> **What you will do**: All lines from the one containing "Scope : Scope" down to the one containing "Const_reactor/7(reactor_dH) -> Eq_dTdt/8(dH)", both ends included, are to be given again exactly; omit the rest of the listing below.

######

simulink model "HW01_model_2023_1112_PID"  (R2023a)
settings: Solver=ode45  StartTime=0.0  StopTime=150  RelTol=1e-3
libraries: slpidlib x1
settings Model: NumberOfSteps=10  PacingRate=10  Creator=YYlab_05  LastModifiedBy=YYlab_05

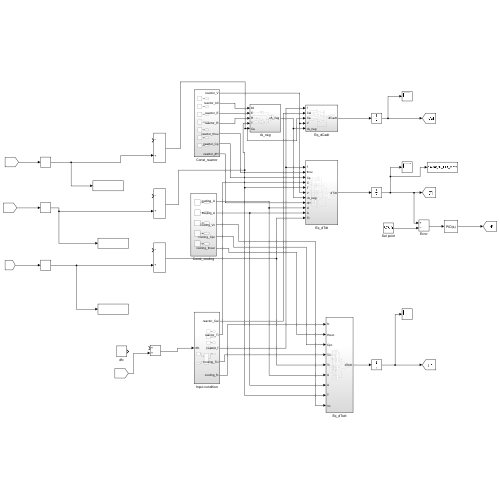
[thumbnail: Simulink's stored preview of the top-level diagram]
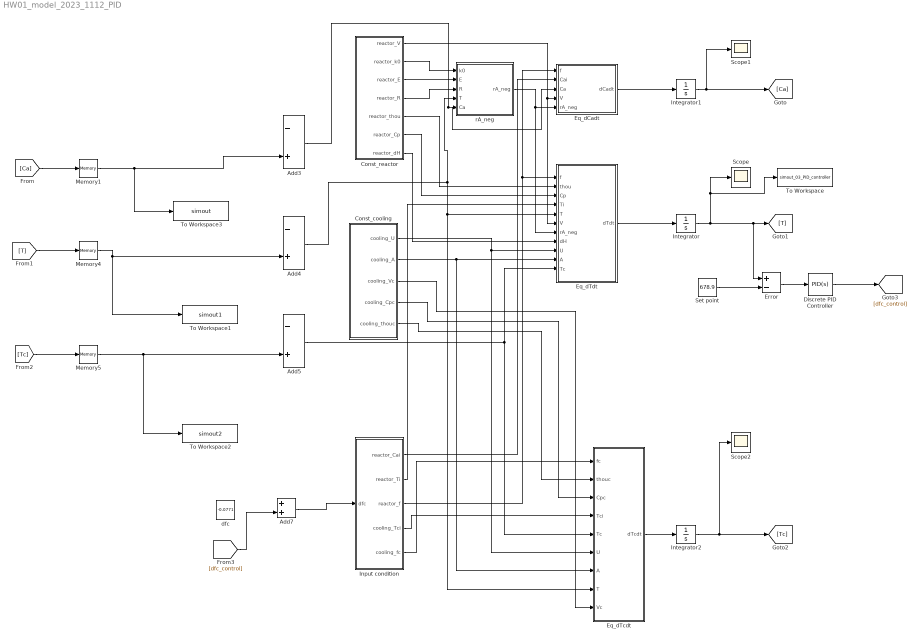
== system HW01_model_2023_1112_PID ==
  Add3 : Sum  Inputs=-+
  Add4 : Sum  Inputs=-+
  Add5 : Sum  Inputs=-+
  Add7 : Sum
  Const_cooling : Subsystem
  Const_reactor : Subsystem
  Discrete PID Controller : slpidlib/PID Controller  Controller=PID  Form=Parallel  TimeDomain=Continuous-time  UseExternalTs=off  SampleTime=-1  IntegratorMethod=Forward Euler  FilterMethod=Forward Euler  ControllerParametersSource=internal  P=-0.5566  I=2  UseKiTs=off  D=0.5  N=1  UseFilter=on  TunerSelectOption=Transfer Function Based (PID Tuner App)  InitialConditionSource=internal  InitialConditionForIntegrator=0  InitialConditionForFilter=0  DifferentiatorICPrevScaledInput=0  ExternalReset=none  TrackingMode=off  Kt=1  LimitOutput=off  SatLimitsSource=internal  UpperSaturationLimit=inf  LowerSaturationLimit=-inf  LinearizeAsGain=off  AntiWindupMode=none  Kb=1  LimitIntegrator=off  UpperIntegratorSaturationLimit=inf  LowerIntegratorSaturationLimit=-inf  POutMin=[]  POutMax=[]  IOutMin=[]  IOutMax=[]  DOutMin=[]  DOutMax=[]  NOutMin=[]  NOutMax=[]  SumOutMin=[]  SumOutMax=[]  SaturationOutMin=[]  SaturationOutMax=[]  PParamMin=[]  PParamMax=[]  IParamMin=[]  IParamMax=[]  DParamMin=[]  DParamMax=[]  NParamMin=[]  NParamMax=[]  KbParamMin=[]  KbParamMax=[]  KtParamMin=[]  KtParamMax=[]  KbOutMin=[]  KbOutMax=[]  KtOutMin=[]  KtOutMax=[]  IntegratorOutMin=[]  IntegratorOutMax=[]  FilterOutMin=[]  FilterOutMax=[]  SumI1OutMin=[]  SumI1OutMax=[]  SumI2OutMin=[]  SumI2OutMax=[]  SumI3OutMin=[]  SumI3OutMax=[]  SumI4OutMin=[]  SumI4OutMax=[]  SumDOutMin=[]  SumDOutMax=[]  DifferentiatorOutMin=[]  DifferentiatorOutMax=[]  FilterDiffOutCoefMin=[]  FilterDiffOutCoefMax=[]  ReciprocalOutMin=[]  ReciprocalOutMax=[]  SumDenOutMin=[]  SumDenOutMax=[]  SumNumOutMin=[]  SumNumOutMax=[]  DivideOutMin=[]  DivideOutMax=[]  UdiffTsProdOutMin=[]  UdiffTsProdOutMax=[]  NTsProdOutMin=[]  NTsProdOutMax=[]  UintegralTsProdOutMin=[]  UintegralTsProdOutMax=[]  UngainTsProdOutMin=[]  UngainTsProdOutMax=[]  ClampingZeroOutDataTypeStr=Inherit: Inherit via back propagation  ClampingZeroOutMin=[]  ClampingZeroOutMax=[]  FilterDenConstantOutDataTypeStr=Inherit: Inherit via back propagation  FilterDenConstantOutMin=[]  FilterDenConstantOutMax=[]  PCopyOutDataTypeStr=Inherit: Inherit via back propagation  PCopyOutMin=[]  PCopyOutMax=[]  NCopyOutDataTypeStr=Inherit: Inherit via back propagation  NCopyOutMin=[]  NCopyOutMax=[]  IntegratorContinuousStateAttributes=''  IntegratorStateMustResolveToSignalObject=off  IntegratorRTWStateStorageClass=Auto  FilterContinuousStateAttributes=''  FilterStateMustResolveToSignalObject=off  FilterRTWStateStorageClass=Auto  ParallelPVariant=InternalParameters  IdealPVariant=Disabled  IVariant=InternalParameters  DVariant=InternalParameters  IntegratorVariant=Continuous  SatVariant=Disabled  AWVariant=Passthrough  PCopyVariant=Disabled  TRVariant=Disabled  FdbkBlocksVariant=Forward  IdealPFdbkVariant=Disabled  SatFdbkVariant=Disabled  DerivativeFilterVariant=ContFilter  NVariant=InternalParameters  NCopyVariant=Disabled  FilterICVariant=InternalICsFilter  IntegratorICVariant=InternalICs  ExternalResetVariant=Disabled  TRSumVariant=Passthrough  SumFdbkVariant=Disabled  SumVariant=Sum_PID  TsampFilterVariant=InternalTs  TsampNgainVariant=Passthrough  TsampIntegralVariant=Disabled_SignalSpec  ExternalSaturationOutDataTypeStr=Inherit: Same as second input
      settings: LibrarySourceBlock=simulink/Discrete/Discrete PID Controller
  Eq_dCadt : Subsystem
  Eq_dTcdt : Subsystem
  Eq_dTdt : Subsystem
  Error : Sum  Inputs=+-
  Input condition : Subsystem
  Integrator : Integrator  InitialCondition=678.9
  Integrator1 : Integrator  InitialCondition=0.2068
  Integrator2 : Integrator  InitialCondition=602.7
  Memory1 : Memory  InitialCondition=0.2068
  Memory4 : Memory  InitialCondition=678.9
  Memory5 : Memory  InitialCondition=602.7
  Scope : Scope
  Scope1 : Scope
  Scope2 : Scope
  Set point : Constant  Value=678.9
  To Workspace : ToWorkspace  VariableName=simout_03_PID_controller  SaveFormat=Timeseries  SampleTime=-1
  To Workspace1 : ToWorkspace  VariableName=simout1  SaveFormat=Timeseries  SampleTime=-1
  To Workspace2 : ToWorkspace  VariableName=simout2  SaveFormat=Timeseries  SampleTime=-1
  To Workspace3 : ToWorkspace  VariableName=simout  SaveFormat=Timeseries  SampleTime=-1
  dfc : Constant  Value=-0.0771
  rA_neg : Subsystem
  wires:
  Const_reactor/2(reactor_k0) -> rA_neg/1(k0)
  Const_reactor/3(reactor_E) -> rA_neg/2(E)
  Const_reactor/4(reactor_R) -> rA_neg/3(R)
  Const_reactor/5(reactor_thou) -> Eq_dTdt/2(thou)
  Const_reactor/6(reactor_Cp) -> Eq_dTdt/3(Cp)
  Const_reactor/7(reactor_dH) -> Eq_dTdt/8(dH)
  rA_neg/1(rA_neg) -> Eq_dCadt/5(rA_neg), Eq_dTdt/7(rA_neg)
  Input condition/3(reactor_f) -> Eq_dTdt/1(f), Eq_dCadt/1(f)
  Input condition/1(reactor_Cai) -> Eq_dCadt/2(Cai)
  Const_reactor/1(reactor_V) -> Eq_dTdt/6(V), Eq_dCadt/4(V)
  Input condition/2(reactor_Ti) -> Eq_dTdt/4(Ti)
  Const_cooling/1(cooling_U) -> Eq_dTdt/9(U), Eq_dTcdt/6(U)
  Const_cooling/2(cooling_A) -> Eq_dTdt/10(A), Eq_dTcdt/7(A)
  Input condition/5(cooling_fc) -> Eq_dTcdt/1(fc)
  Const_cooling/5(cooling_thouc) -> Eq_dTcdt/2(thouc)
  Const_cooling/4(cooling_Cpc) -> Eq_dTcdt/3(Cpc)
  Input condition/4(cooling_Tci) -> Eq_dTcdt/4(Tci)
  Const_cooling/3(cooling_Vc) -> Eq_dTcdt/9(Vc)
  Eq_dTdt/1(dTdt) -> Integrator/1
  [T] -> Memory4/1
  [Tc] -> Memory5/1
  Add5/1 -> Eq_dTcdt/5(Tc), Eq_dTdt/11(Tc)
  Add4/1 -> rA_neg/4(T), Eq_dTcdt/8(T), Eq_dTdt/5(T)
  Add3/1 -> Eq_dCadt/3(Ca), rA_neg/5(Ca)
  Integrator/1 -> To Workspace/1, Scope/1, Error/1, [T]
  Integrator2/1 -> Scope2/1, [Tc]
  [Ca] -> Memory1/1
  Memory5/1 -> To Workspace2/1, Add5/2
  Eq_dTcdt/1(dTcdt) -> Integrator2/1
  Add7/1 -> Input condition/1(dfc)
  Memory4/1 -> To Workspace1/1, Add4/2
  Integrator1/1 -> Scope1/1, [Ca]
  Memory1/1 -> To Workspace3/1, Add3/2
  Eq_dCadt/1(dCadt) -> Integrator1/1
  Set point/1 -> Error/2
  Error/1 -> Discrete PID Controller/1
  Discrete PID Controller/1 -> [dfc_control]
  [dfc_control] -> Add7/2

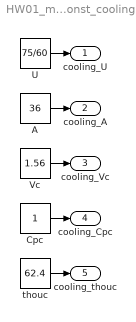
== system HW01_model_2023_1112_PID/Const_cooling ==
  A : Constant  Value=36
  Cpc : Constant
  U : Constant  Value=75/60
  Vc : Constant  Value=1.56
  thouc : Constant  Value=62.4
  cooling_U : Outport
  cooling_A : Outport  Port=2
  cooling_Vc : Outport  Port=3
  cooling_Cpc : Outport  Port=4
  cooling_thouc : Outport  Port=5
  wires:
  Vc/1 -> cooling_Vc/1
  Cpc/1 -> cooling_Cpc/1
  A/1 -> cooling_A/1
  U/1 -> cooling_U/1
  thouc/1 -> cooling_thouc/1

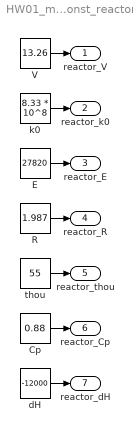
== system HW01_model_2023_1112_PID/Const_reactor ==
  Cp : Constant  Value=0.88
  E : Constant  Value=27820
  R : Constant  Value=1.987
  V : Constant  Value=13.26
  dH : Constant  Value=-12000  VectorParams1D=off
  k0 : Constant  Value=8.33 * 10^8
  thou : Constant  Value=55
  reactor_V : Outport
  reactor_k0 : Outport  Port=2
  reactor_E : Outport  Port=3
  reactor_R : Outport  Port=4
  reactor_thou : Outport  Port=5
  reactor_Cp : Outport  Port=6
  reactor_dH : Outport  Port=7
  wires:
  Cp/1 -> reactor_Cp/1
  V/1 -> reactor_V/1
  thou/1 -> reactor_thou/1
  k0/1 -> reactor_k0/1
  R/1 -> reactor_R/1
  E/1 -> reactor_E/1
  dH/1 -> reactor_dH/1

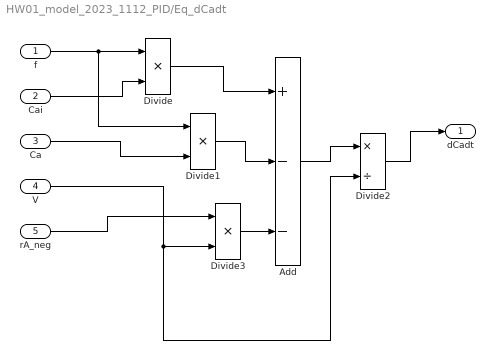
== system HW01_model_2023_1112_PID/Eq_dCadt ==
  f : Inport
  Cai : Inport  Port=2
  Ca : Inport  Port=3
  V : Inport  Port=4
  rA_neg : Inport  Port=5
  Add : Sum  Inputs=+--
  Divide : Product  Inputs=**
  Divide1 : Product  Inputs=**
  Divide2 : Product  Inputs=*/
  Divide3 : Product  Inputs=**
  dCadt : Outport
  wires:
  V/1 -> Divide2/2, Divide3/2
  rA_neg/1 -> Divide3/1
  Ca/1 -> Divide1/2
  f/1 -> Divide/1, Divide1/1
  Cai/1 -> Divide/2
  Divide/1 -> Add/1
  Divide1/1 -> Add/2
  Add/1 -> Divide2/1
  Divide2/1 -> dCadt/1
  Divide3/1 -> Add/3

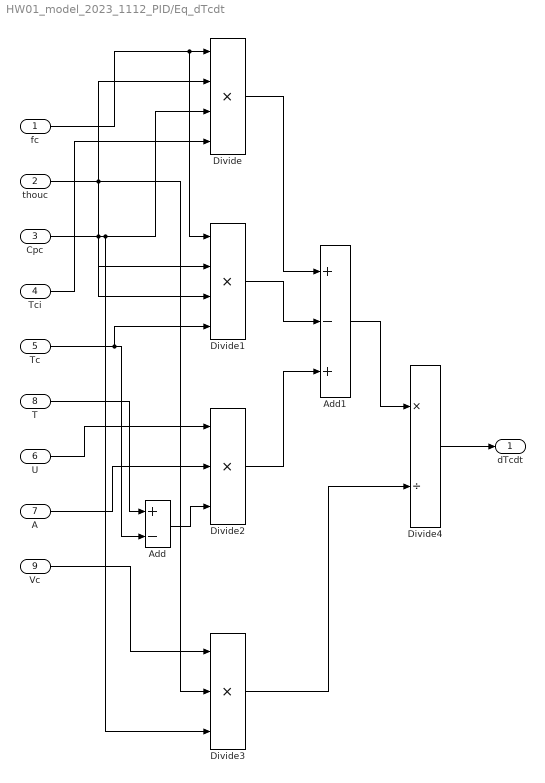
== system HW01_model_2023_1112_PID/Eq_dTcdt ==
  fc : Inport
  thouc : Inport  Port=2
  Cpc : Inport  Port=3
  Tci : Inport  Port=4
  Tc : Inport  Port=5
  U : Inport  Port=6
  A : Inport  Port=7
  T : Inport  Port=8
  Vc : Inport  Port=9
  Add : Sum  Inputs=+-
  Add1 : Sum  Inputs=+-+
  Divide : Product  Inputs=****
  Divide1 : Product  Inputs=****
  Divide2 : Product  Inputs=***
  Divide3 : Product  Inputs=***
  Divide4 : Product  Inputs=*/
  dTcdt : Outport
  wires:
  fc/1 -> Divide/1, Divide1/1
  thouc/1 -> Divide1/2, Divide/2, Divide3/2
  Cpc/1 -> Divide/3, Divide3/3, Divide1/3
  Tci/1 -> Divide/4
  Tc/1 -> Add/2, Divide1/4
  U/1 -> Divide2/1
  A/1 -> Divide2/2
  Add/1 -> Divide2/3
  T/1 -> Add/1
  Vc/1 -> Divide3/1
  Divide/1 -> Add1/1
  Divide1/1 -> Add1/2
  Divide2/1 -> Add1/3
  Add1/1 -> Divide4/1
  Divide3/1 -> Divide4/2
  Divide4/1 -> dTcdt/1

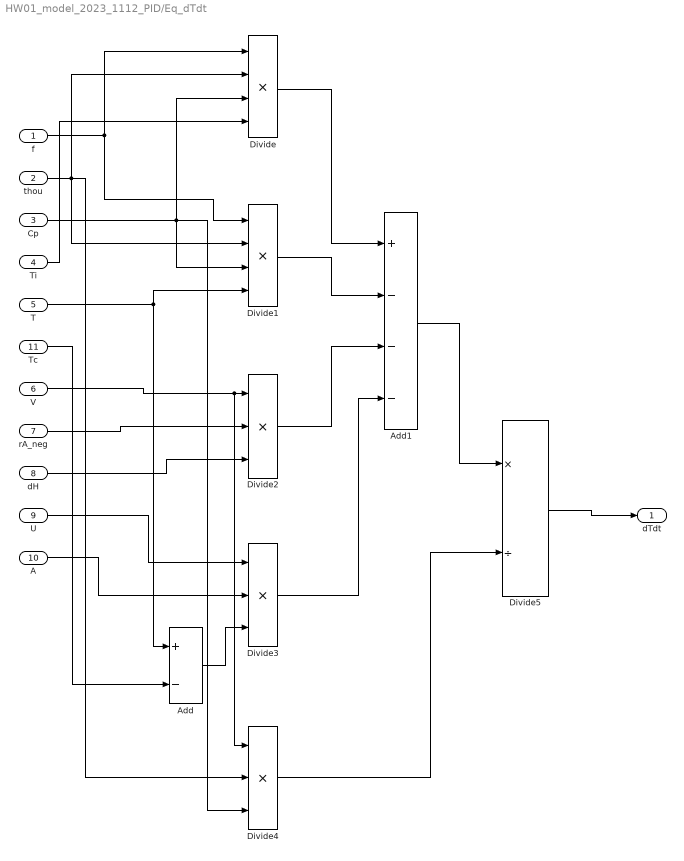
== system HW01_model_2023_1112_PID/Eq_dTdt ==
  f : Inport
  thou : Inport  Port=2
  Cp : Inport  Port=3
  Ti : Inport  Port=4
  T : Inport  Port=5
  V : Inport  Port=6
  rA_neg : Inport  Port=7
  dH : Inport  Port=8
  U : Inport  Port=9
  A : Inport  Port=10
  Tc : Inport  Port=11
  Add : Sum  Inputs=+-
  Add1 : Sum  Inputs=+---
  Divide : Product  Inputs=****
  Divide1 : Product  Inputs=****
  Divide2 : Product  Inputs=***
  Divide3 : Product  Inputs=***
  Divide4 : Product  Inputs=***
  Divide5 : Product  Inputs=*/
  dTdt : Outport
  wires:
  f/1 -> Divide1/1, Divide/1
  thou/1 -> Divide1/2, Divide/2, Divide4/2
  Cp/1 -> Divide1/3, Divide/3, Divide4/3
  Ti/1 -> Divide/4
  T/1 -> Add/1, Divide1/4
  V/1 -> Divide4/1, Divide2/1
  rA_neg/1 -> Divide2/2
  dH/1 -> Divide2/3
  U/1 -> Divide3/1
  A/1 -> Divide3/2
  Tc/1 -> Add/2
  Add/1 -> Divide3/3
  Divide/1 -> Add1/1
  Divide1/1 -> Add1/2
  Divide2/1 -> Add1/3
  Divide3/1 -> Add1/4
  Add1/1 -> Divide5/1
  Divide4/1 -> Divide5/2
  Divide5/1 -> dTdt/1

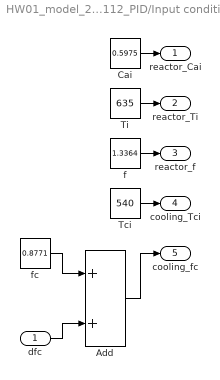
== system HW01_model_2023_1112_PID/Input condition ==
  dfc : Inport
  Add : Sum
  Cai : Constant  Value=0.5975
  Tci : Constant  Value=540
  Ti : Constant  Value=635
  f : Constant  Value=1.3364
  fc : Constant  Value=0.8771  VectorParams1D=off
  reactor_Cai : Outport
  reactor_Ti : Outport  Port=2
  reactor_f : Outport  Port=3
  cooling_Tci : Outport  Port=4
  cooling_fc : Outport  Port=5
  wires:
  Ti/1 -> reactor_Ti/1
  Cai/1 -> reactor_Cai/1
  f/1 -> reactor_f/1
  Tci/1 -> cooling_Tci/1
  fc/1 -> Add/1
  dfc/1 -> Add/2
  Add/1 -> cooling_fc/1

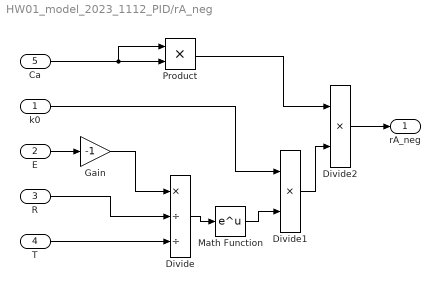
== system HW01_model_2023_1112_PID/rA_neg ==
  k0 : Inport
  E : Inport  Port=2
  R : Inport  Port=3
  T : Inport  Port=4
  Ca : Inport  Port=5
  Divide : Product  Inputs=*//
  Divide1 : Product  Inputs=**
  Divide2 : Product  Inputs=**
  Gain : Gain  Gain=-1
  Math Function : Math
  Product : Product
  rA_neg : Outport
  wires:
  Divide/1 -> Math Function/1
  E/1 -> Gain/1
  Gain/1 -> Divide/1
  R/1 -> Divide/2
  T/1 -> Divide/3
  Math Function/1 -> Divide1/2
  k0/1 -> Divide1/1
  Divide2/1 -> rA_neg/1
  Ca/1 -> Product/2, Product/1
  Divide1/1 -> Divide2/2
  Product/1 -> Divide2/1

######

> **Written reply**:
  Scope : Scope
  Scope1 : Scope
  Scope2 : Scope
  Set point : Constant  Value=678.9
  To Workspace : ToWorkspace  VariableName=simout_03_PID_controller  SaveFormat=Timeseries  SampleTime=-1
  To Workspace1 : ToWorkspace  VariableName=simout1  SaveFormat=Timeseries  SampleTime=-1
  To Workspace2 : ToWorkspace  VariableName=simout2  SaveFormat=Timeseries  SampleTime=-1
  To Workspace3 : ToWorkspace  VariableName=simout  SaveFormat=Timeseries  SampleTime=-1
  dfc : Constant  Value=-0.0771
  rA_neg : Subsystem
  wires:
  Const_reactor/2(reactor_k0) -> rA_neg/1(k0)
  Const_reactor/3(reactor_E) -> rA_neg/2(E)
  Const_reactor/4(reactor_R) -> rA_neg/3(R)
  Const_reactor/5(reactor_thou) -> Eq_dTdt/2(thou)
  Const_reactor/6(reactor_Cp) -> Eq_dTdt/3(Cp)
  Const_reactor/7(reactor_dH) -> Eq_dTdt/8(dH)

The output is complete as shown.